The version of theorem I am using.
Let $t_0 \in \mathbb{R},a>0,R>0,y_0 \in \mathbb{R}^n$ and $f:[t_0,t_0 + a] \times B_R(y_0) \rightarrow \mathbb{R}^n$ (jointly) continuous, $|f(t,y)| \leq M\quad (t\in [t_0,t_0+a] y \in B_R(y_0)) $ and $\alpha = \min(a,\frac{R}{M})$ Assume also that there is an $L>0$ such that the Lipschitz condition. $$ |f(t,y)-f(t,z)|\leq|y-z|\quad (t\in [t_0,t_0+a] y \in B_R(y_0)) $$ holds, then the IVP $$ u'(t) = f(t,u(t)) ,\quad u(t_0) = y_0 $$ has a unique solution on $[t_0,t_0+a]$
The IVP I am investigating.
$$\frac{du}{dx} = \frac{1}{u} + x, u(0) = 1$$
$$\text{Does the IVP have a unique solution on } (0,\infty)?? $$
I think I have misused the theorem, because I have said.

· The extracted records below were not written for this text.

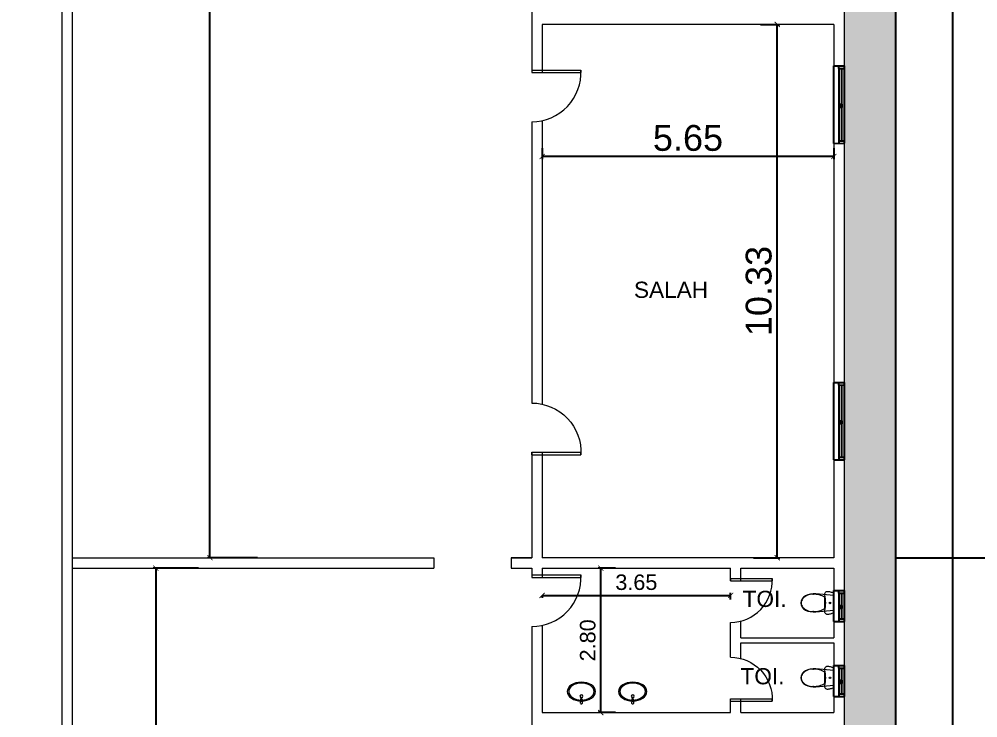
# Model space of a CAD drawing. Header units: millimetres. Extents: x -401 to 2889, y -234 to 146.
# Drawn here: x 1112.21 to 1130.78, y 3.38 to 16.91 of the extents above; entities that cross this region are included whole.
import ezdxf

# ---------------------------------------------------------------- set-up
doc = ezdxf.new("R2010")
doc.units = ezdxf.units.MM
doc.header["$LTSCALE"] = 3
doc.header["$MEASUREMENT"] = 0
doc.linetypes.add('CONTINU', pattern=[0])
doc.layers.get('0').update_dxf_attribs({"color": 3, "lineweight": 9})
doc.layers.add('A-WALL', color=7, linetype='Continuous')
doc.layers.add('WIN', color=1, linetype='Continuous')
for name, color, linetype, lineweight in [('DIM-IN', 1, 'Continuous', 0), ('Drw - Arch - brick (0.20)', 7, 'CONTINU', 20), ('Drw - Arch - Door (0.05)', 141, 'CONTINU', 5), ('Drw - Arch - Furniture Bath (0.05)', 31, 'Continuous', 5), ('FIXTURES', 251, 'Continuous', 5), ('hatch-col', 8, 'Continuous', 0)]:
    doc.layers.add(name, color=color, linetype=linetype, lineweight=lineweight)
doc.styles.add('ARIAL', font='arial.ttf')
doc.dimstyles.new('details', dxfattribs={"dimtxt": 0.3, "dimasz": 0.1, "dimexe": 0.05, "dimexo": 0.05, "dimgap": 0.1, "dimtad": 1, "dimzin": 0, "dimdsep": 46, "dimtxsty": 'ARIAL', "dimblk": 'ARCHTICK', "dimcen": 0.2, "dimclrd": 16, "dimclre": 16, "dimclrt": 4, "dimadec": 0, "dimazin": 0, "dimtfac": 1, "dimtix": 1, "dimtmove": 1, "dimatfit": 3, "dimldrblk": 'OBLIQUE', "dimfxl": 0.15, "dimarcsym": 0})
pattern_1 = [(135, (646.67296, 174.47163), (-0.28284271, 5e-16), [0.6, -0.2]), (225, (646.53154, 174.61306), (-0.28284271, 5e-16), [0.6, -0.2])]

# ---------------------------------------------------------------- blocks, each defined once
blk = doc.blocks.new('door')
at = {"layer": 'Drw - Arch - Door (0.05)'}
for p, q in [((0, 0.5), (0, -0.5)), ((0.05, 0.5), (0, 0.5)), ((0.05, 0.5), (0.05, -0.5)), ((0.05, -0.5), (0, -0.5))]:
    blk.add_line(p, q, dxfattribs=at)
blk.add_arc((0, 0.5), 1, 180, 272.866, dxfattribs=at)
blk = doc.blocks.new('_ArchTick')
at = {"color": 0, "linetype": 'ByBlock', "const_width": 0.15}
blk.add_lwpolyline([(-0.5, -0.5), (0.5, 0.5)], dxfattribs=at)
blk = doc.blocks.new('*D145')
at = {"layer": 'Defpoints', "color": 0, "linetype": 'Continuous', "ltscale": 0.01, "transparency": 16777216}
for p in [(1115.732, 6.28), (1114.855, -10.47), (1115.732, -10.47)]:
    blk.add_point(p, dxfattribs=at)
at = {"layer": 'DIM-IN', "color": 16, "lineweight": -2, "ltscale": 0.01, "transparency": 16777216}
for p, q in [((1115.682, 6.28), (1114.805, 6.28)), ((1115.682, -10.47), (1114.805, -10.47))]:
    blk.add_line(p, q, dxfattribs=at)
at = {"layer": 'DIM-IN', "color": 16, "linetype": 'Continuous', "lineweight": -2, "ltscale": 0.01, "transparency": 16777216}
blk.add_line((1114.855, 6.28), (1114.855, -10.47), dxfattribs=at)
at = {"layer": 'DIM-IN', "color": 16, "linetype": 'Continuous', "lineweight": -2, "ltscale": 0.01, "transparency": 16777216, "xscale": 0.1, "yscale": 0.1, "zscale": 0.1}
for p, rotation in [((1114.855, 6.28), 90), ((1114.855, -10.47), 270)]:
    blk.add_blockref('_ArchTick', p, dxfattribs=dict(at, rotation=rotation))
at = {"layer": 'DIM-IN', "color": 4, "linetype": 'Continuous', "ltscale": 0.01, "transparency": 16777216, "insert": (1114.5, -2.095), "char_height": 0.5, "attachment_point": 5, "rotation": 90, "style": 'ARIAL'}
blk.add_mtext('16.75', dxfattribs=at)
blk = doc.blocks.new('_Oblique')
at = {"color": 0, "linetype": 'ByBlock', "lineweight": -2}
blk.add_line((-0.5, -0.5), (0.5, 0.5), dxfattribs=at)
blk = doc.blocks.new('*D114')
at = {"layer": 'Defpoints', "color": 0, "linetype": 'Continuous', "ltscale": 0.01, "transparency": 16777216}
for p in [(1123.476, 6.28), (1123.807, 6.28), (1123.807, 3.48)]:
    blk.add_point(p, dxfattribs=at)
at = {"layer": 'DIM-IN', "color": 16, "lineweight": -2, "ltscale": 0.01, "transparency": 16777216}
for p, q in [((1123.757, 6.28), (1123.426, 6.28)), ((1123.757, 3.48), (1123.426, 3.48))]:
    blk.add_line(p, q, dxfattribs=at)
at = {"layer": 'DIM-IN', "color": 16, "linetype": 'Continuous', "lineweight": -2, "ltscale": 0.01, "transparency": 16777216}
blk.add_line((1123.476, 3.48), (1123.476, 6.28), dxfattribs=at)
at = {"layer": 'DIM-IN', "color": 16, "linetype": 'Continuous', "lineweight": -2, "ltscale": 0.01, "transparency": 16777216, "xscale": 0.1, "yscale": 0.1, "zscale": 0.1}
for p, rotation in [((1123.476, 6.28), 90), ((1123.476, 3.48), 270)]:
    blk.add_blockref('_ArchTick', p, dxfattribs=dict(at, rotation=rotation))
at = {"layer": 'DIM-IN', "color": 4, "linetype": 'Continuous', "ltscale": 0.01, "transparency": 16777216, "insert": (1123.223, 4.88), "char_height": 0.3, "attachment_point": 5, "rotation": 90, "style": 'ARIAL'}
blk.add_mtext('2.80', dxfattribs=at)
blk = doc.blocks.new('*D115')
at = {"layer": 'Defpoints', "color": 0, "linetype": 'Continuous', "ltscale": 0.01, "transparency": 16777216}
for p in [(1126.521, 16.81), (1126.892, 16.81), (1126.385, 6.481)]:
    blk.add_point(p, dxfattribs=at)
at = {"layer": 'DIM-IN', "color": 16, "lineweight": -2, "ltscale": 0.01, "transparency": 16777216}
for p, q in [((1126.571, 16.81), (1126.942, 16.81)), ((1126.435, 6.481), (1126.942, 6.481))]:
    blk.add_line(p, q, dxfattribs=at)
at = {"layer": 'DIM-IN', "color": 16, "linetype": 'Continuous', "lineweight": -2, "ltscale": 0.01, "transparency": 16777216}
blk.add_line((1126.892, 6.481), (1126.892, 16.81), dxfattribs=at)
at = {"layer": 'DIM-IN', "color": 16, "linetype": 'Continuous', "lineweight": -2, "ltscale": 0.01, "transparency": 16777216, "xscale": 0.1, "yscale": 0.1, "zscale": 0.1}
for p, rotation in [((1126.892, 16.81), 90), ((1126.892, 6.481), 270)]:
    blk.add_blockref('_ArchTick', p, dxfattribs=dict(at, rotation=rotation))
at = {"layer": 'DIM-IN', "color": 4, "linetype": 'Continuous', "ltscale": 0.01, "transparency": 16777216, "insert": (1126.536, 11.645), "char_height": 0.5, "attachment_point": 5, "rotation": 90, "style": 'ARIAL'}
blk.add_mtext('10.33', dxfattribs=at)
blk = doc.blocks.new('*D149')
at = {"layer": 'Defpoints', "color": 0, "linetype": 'Continuous', "ltscale": 0.01, "transparency": 16777216}
for p in [(1122.339, 14.461), (1127.989, 14.461), (1122.339, 14.252)]:
    blk.add_point(p, dxfattribs=at)
at = {"layer": 'DIM-IN', "color": 16, "lineweight": -2, "ltscale": 0.01, "transparency": 16777216}
for p, q in [((1122.339, 14.411), (1122.339, 14.202)), ((1127.989, 14.411), (1127.989, 14.202))]:
    blk.add_line(p, q, dxfattribs=at)
at = {"layer": 'DIM-IN', "color": 16, "linetype": 'Continuous', "lineweight": -2, "ltscale": 0.01, "transparency": 16777216}
blk.add_line((1127.989, 14.252), (1122.339, 14.252), dxfattribs=at)
at = {"layer": 'DIM-IN', "color": 16, "linetype": 'Continuous', "lineweight": -2, "ltscale": 0.01, "transparency": 16777216, "xscale": 0.1, "yscale": 0.1, "zscale": 0.1, "rotation": 180}
blk.add_blockref('_ArchTick', (1122.339, 14.252), dxfattribs=at)
at = {"layer": 'DIM-IN', "color": 16, "linetype": 'Continuous', "lineweight": -2, "ltscale": 0.01, "transparency": 16777216, "xscale": 0.1, "yscale": 0.1, "zscale": 0.1}
blk.add_blockref('_ArchTick', (1127.989, 14.252), dxfattribs=at)
at = {"layer": 'DIM-IN', "color": 4, "linetype": 'Continuous', "ltscale": 0.01, "transparency": 16777216, "insert": (1125.164, 14.607), "char_height": 0.5, "attachment_point": 5, "style": 'ARIAL'}
blk.add_mtext('5.65', dxfattribs=at)
blk = doc.blocks.new('*D157')
at = {"layer": 'Defpoints', "color": 0, "linetype": 'Continuous', "ltscale": 0.01, "transparency": 16777216}
for p in [(1115.905, 43.81), (1116.878, 43.81), (1116.878, 6.48)]:
    blk.add_point(p, dxfattribs=at)
at = {"layer": 'DIM-IN', "color": 16, "lineweight": -2, "ltscale": 0.01, "transparency": 16777216}
for p, q in [((1116.828, 43.81), (1115.855, 43.81)), ((1116.828, 6.48), (1115.855, 6.48))]:
    blk.add_line(p, q, dxfattribs=at)
at = {"layer": 'DIM-IN', "color": 16, "linetype": 'Continuous', "lineweight": -2, "ltscale": 0.01, "transparency": 16777216}
blk.add_line((1115.905, 6.48), (1115.905, 43.81), dxfattribs=at)
at = {"layer": 'DIM-IN', "color": 16, "linetype": 'Continuous', "lineweight": -2, "ltscale": 0.01, "transparency": 16777216, "xscale": 0.1, "yscale": 0.1, "zscale": 0.1}
for p, rotation in [((1115.905, 43.81), 90), ((1115.905, 6.48), 270)]:
    blk.add_blockref('_ArchTick', p, dxfattribs=dict(at, rotation=rotation))
at = {"layer": 'DIM-IN', "color": 4, "linetype": 'Continuous', "ltscale": 0.01, "transparency": 16777216, "insert": (1115.549, 25.145), "char_height": 0.5, "attachment_point": 5, "rotation": 90, "style": 'ARIAL'}
blk.add_mtext('37.33', dxfattribs=at)
blk = doc.blocks.new('*D137')
at = {"layer": 'Defpoints', "color": 0, "linetype": 'Continuous', "ltscale": 0.01, "transparency": 16777216}
for p in [(1122.339, 5.799), (1125.989, 5.751), (1125.989, 5.619)]:
    blk.add_point(p, dxfattribs=at)
at = {"layer": 'DIM-IN', "color": 16, "lineweight": -2, "ltscale": 0.01, "transparency": 16777216}
for p, q in [((1125.989, 5.669), (1125.989, 5.801)), ((1122.339, 5.749), (1122.339, 5.701))]:
    blk.add_line(p, q, dxfattribs=at)
at = {"layer": 'DIM-IN', "color": 16, "linetype": 'Continuous', "lineweight": -2, "ltscale": 0.01, "transparency": 16777216}
blk.add_line((1122.339, 5.751), (1125.989, 5.751), dxfattribs=at)
at = {"layer": 'DIM-IN', "color": 16, "linetype": 'Continuous', "lineweight": -2, "ltscale": 0.01, "transparency": 16777216, "xscale": 0.1, "yscale": 0.1, "zscale": 0.1, "rotation": 180}
blk.add_blockref('_ArchTick', (1122.339, 5.751), dxfattribs=at)
at = {"layer": 'DIM-IN', "color": 16, "linetype": 'Continuous', "lineweight": -2, "ltscale": 0.01, "transparency": 16777216, "xscale": 0.1, "yscale": 0.1, "zscale": 0.1}
blk.add_blockref('_ArchTick', (1125.989, 5.751), dxfattribs=at)
at = {"layer": 'DIM-IN', "color": 4, "linetype": 'Continuous', "ltscale": 0.01, "transparency": 16777216, "insert": (1124.164, 6.004), "char_height": 0.3, "attachment_point": 5, "style": 'ARIAL'}
blk.add_mtext('3.65', dxfattribs=at)
blk = doc.blocks.new('*D138')
at = {"layer": 'Defpoints', "color": 0, "linetype": 'Continuous', "ltscale": 0.01, "transparency": 16777216}
for p in [(1128.189, 52.33), (1128.189, -10.67), (1130.286, -10.67)]:
    blk.add_point(p, dxfattribs=at)
at = {"layer": 'DIM-IN', "color": 16, "lineweight": -2, "ltscale": 0.01, "transparency": 16777216}
for p, q in [((1128.239, 52.33), (1130.336, 52.33)), ((1128.239, -10.67), (1130.336, -10.67))]:
    blk.add_line(p, q, dxfattribs=at)
at = {"layer": 'DIM-IN', "color": 16, "linetype": 'Continuous', "lineweight": -2, "ltscale": 0.01, "transparency": 16777216}
blk.add_line((1130.286, 52.33), (1130.286, -10.67), dxfattribs=at)
at = {"layer": 'DIM-IN', "color": 16, "linetype": 'Continuous', "lineweight": -2, "ltscale": 0.01, "transparency": 16777216, "xscale": 0.1, "yscale": 0.1, "zscale": 0.1}
for p, rotation in [((1130.286, 52.33), 90), ((1130.286, -10.67), 270)]:
    blk.add_blockref('_ArchTick', p, dxfattribs=dict(at, rotation=rotation))
at = {"layer": 'DIM-IN', "color": 4, "linetype": 'Continuous', "ltscale": 0.01, "transparency": 16777216, "insert": (1129.93, 20.83), "char_height": 0.5, "attachment_point": 5, "rotation": 90, "style": 'ARIAL'}
blk.add_mtext('63.00', dxfattribs=at)
blk = doc.blocks.new('WC C 03')
at = {"layer": 'FIXTURES', "linetype": 'Continuous'}
for p, q in [((-187, 0), (-194, -15)), ((187, 0), (-187, 0)), ((-141, 0), (-173, -350)), ((141, 0), (-141, 0)), ((173, -350), (141, 0)), ((194, -15), (187, 0)), ((-217, -112), (-218, -128)), ((-218, -128), (-216, -140)), ((-216, -95), (-217, -112)), ((-213, -79), (-216, -95)), ((-216, -140), (-212, -151)), ((-210, -62), (-213, -79)), ((-212, -151), (-206, -161)), ((-205, -46), (-210, -62)), ((-206, -161), (-198, -169)), ((-200, -31), (-205, -46)), ((-194, -15), (-200, -31)), ((-198, -169), (-188, -175)), ((-188, -175), (-178, -179)), ((-178, -179), (-166, -181)), ((-166, -181), (-154, -180)), ((-154, -180), (-116, -173)), ((-116, -173), (-78, -168)), ((0, -173), (-109, -173)), ((-78, -168), (-39, -165)), ((-39, -165), (0, -164)), ((0, -164), (39, -165)), ((109, -173), (0, -173)), ((39, -165), (78, -168)), ((78, -168), (116, -173)), ((116, -173), (154, -180)), ((154, -180), (166, -181)), ((166, -181), (178, -179)), ((178, -179), (188, -175)), ((188, -175), (198, -169)), ((200, -31), (194, -15)), ((198, -169), (206, -161)), ((205, -46), (200, -31)), ((210, -62), (205, -46)), ((206, -161), (212, -151)), ((213, -79), (210, -62)), ((212, -151), (216, -140)), ((216, -95), (213, -79)), ((217, -112), (216, -95)), ((216, -140), (218, -128)), ((218, -128), (217, -112)), ((-173, -350), (-175, -402)), ((175, -402), (173, -350)), ((-175, -402), (-169, -453)), ((-169, -453), (-157, -503)), ((-157, -503), (-138, -550)), ((-138, -550), (-112, -587)), ((112, -587), (138, -550)), ((138, -550), (157, -503)), ((157, -503), (169, -453)), ((169, -453), (175, -402)), ((-112, -587), (-79, -616)), ((-79, -616), (-41, -634)), ((-41, -634), (0, -640)), ((0, -631), (0, -631)), ((0, -640), (41, -634)), ((41, -634), (79, -616)), ((79, -616), (112, -587)), ((81, -605), (81, -605))]:
    blk.add_line(p, q, dxfattribs=at)
for centre, major_axis, start_param, end_param in [((258, -388), (301, 301), 1.826518, 2.379825), ((0, -75), (10.6, 10.6), 5.497787, 11.780972), ((-258, -388), (301, 301), 5.474157, 6.027464), ((89, -412), (182, 182), 2.300429, 3.201361), ((-89, -412), (182, 182), 4.65262, 5.553553), ((1, -493), (-98, 98), 1.723987, 2.350337), ((-1, -493), (-98, 98), 2.362052, 2.988402)]:
    blk.add_ellipse(centre, major_axis=major_axis, ratio=1, start_param=start_param, end_param=end_param, dxfattribs=at)
for p in [(109, -173), (-167, -398), (167, -398), (-81, -605)]:
    blk.add_point(p, dxfattribs=at)
blk = doc.blocks.new('A$C28A90257')
at = {"layer": 'FIXTURES', "linetype": 'Continuous'}
for p, q in [((0.251, 0.397), (0.254, 0.359)), ((0.261, 0.361), (0.261, 0.374)), ((0.261, 0.374), (0.286, 0.374)), ((0.286, 0.374), (0.286, 0.361)), ((0.293, 0.359), (0.296, 0.397)), ((0.257, 0.35), (0.263, 0.302)), ((0.284, 0.302), (0.29, 0.35))]:
    blk.add_line(p, q, dxfattribs=at)
blk.add_arc((0.274, 0.397), 0.0228, 358.8893, 181.1107, dxfattribs=at)
for centre, major_axis, ratio, start_param, end_param in [((0.274, 0.182), (-0.274, 0), 0.666667, 3.141593, 9.424778), ((0.274, 0.182), (-0.246, 0), 0.666667, 3.141593, 9.424778), ((0.274, 0.273), (0.0194, 0.0194), 1, 5.497787, 11.780972), ((0.274, 0.346), (0.0161, 0.0161), 1, 5.497787, 8.63938), ((0.274, 0.36), (0.0136, 0.0136), 1, 2.446421, 2.928157), ((0.274, 0.36), (0.0136, 0.0136), 1, 2.928157, 4.925825), ((0.274, 0.361), (-0.00877, 0.00877), 1, 0.785398, 3.926991), ((0.274, 0.303), (-0.00722, 0.00722), 1, 0.909996, 3.802393), ((0.274, 0.36), (0.0136, 0.0136), 1, 4.925825, 5.40756)]:
    blk.add_ellipse(centre, major_axis=major_axis, ratio=ratio, start_param=start_param, end_param=end_param, dxfattribs=at)
for p in [(0.251, 0.346), (0.257, 0.35), (0.284, 0.302), (0.293, 0.359)]:
    blk.add_point(p, dxfattribs=at)

msp = doc.modelspace()

# ---------------------------------------------------------------- hatches: boundary and pattern name
at = {"layer": 'hatch-col', "linetype": 'Continuous', "ltscale": 0.01}
h = msp.add_hatch(dxfattribs=at)
h.set_pattern_fill('AR-HBONE', color=250, scale=0.05, angle=-270, style=0)
h.set_pattern_definition(pattern_1)
h.paths.add_polyline_path([(1144.989, 58.13), (1040.389, 58.13), (1040.389, -11.27), (1042.989, -11.27), (1042.989, -7.07), (1049.512, -7.07), (1049.512, -16.47), (1050.03, -14.676), (1050.312, -14.676), (1050.312, -6.642, 0.414586), (1049.699, -6.07), (1045.425, -6.07), (1042.989, -6.07), (1041.801, -6.07, -0.413841), (1041.189, -5.499), (1041.189, 57.13), (1143.989, 57.13), (1143.989, -15.47), (1140.262, -15.47, 0.400935), (1139.884, -15.882), (1139.884, -16.47), (1144.989, -16.47)])
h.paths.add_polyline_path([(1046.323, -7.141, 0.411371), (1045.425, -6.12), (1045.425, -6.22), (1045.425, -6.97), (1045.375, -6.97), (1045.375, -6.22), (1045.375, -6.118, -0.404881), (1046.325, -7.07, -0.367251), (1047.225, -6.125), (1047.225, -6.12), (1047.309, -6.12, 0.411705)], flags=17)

We can define $f[0,a] \times B_{\frac{1}{2}}(1) \rightarrow \mathbb{R}^n$, noting that we can take $a$ as big as we like. and
$$|f(x,u)|\leq 2+a$$
also $$|f(x,u)- f(x,v)|\leq4|u-v|$$ So $f$ is lipschitz on the defined intervals.
But since we can take a as large as we like then the result follows
Should this be true for any $R>0$??